§ **Required work**: Would you copy each line of the records that includes the word "blind"?

Dataset items:
* * * *

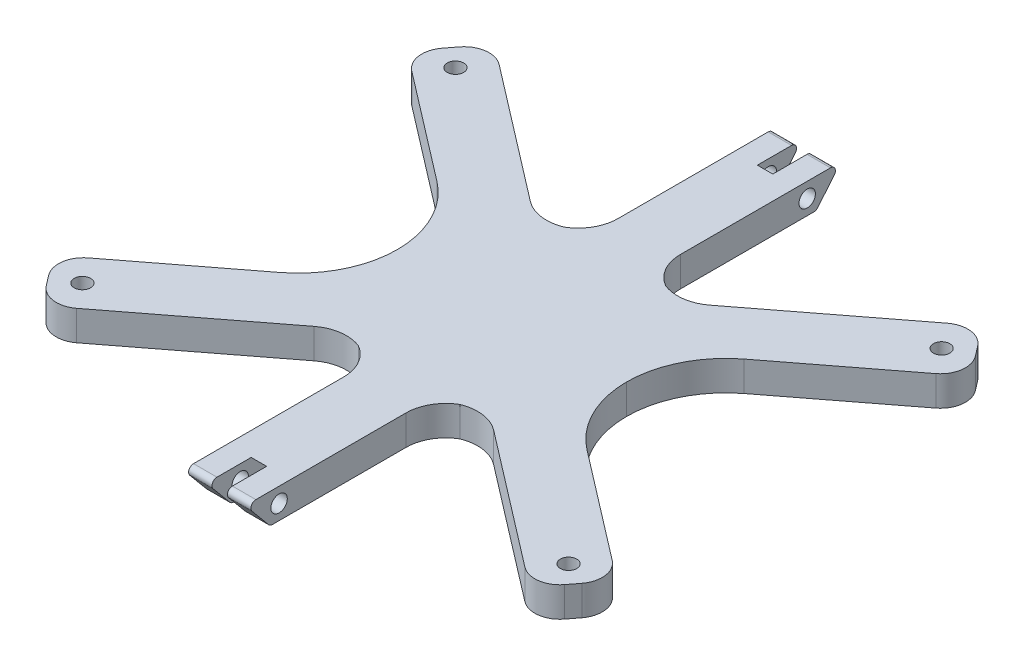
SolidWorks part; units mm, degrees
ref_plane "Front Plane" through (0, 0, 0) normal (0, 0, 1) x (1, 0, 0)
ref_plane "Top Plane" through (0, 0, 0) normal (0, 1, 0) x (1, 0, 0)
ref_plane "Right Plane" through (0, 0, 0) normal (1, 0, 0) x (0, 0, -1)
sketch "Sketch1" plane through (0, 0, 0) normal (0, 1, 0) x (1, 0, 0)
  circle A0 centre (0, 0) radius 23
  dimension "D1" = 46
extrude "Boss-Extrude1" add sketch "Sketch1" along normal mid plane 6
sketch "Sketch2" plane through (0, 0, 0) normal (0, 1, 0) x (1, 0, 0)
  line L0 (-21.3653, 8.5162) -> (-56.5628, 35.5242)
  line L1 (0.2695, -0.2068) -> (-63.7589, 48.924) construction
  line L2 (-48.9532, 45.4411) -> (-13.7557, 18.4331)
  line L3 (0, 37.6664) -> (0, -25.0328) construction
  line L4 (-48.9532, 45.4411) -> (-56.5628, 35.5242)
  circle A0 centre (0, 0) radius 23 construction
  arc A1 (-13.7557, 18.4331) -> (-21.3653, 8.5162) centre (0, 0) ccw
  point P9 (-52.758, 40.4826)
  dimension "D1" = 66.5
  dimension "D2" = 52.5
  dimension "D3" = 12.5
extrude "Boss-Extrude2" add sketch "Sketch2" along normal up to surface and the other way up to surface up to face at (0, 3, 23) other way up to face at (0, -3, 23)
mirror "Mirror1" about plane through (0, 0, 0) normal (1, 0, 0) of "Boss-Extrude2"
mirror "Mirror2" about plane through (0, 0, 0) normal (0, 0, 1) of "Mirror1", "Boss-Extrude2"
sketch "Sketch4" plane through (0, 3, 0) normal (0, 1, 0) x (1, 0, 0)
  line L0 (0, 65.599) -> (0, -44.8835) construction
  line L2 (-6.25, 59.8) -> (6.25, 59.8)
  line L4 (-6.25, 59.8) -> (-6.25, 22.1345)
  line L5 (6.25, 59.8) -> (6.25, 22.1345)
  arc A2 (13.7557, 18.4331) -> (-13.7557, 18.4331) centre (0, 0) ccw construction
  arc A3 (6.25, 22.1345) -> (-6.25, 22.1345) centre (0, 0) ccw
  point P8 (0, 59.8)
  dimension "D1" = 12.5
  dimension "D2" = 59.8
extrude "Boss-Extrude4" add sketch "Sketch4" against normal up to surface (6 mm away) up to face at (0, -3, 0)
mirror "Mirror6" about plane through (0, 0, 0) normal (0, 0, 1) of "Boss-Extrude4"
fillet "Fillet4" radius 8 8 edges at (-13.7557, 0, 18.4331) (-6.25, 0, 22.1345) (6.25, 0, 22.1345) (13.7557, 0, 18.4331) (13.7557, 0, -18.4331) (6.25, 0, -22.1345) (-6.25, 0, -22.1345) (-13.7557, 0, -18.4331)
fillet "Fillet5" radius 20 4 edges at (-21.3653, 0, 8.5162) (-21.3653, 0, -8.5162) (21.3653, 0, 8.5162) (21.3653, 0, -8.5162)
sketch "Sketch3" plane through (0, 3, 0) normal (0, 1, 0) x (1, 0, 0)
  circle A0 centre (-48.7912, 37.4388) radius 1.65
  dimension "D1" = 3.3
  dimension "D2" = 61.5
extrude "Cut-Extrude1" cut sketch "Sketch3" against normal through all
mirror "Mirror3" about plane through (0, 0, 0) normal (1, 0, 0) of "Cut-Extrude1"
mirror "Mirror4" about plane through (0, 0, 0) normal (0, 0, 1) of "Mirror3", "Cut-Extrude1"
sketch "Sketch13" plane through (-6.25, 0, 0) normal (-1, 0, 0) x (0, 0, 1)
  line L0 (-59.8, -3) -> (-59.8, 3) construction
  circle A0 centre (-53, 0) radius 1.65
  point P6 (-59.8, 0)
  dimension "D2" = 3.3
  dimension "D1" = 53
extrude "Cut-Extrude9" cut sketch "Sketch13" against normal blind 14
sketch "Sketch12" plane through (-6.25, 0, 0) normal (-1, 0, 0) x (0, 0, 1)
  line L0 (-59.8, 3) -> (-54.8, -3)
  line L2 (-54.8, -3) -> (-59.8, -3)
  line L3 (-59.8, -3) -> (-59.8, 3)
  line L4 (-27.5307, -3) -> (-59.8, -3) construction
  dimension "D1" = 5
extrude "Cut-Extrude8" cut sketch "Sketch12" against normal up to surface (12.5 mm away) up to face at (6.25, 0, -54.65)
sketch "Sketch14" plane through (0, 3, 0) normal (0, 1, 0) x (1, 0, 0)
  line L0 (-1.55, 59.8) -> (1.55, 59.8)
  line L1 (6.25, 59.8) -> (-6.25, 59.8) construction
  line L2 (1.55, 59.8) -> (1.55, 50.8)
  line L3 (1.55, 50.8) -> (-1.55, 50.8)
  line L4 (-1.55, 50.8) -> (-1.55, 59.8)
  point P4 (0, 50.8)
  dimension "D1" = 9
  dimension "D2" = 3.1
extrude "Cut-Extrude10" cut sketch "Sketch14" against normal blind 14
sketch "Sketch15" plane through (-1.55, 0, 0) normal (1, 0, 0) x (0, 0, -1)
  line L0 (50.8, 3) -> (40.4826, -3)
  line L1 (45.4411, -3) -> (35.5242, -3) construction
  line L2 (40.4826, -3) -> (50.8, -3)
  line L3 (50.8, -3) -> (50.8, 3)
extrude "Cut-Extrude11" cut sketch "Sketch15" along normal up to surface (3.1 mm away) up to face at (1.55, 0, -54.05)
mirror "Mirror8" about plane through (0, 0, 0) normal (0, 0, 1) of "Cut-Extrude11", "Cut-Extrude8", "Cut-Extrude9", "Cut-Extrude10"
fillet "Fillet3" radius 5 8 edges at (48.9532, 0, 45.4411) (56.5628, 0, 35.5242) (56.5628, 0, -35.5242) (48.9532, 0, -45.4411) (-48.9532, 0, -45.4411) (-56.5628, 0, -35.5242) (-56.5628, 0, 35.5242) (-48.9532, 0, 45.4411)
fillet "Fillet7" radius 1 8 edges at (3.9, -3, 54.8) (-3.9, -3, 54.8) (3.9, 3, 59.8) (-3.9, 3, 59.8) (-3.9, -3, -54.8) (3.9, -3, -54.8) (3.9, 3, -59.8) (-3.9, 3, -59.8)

* * * *

§ **Response to the task**:
extrude "Cut-Extrude9" cut sketch "Sketch13" against normal blind 14
extrude "Cut-Extrude10" cut sketch "Sketch14" against normal blind 14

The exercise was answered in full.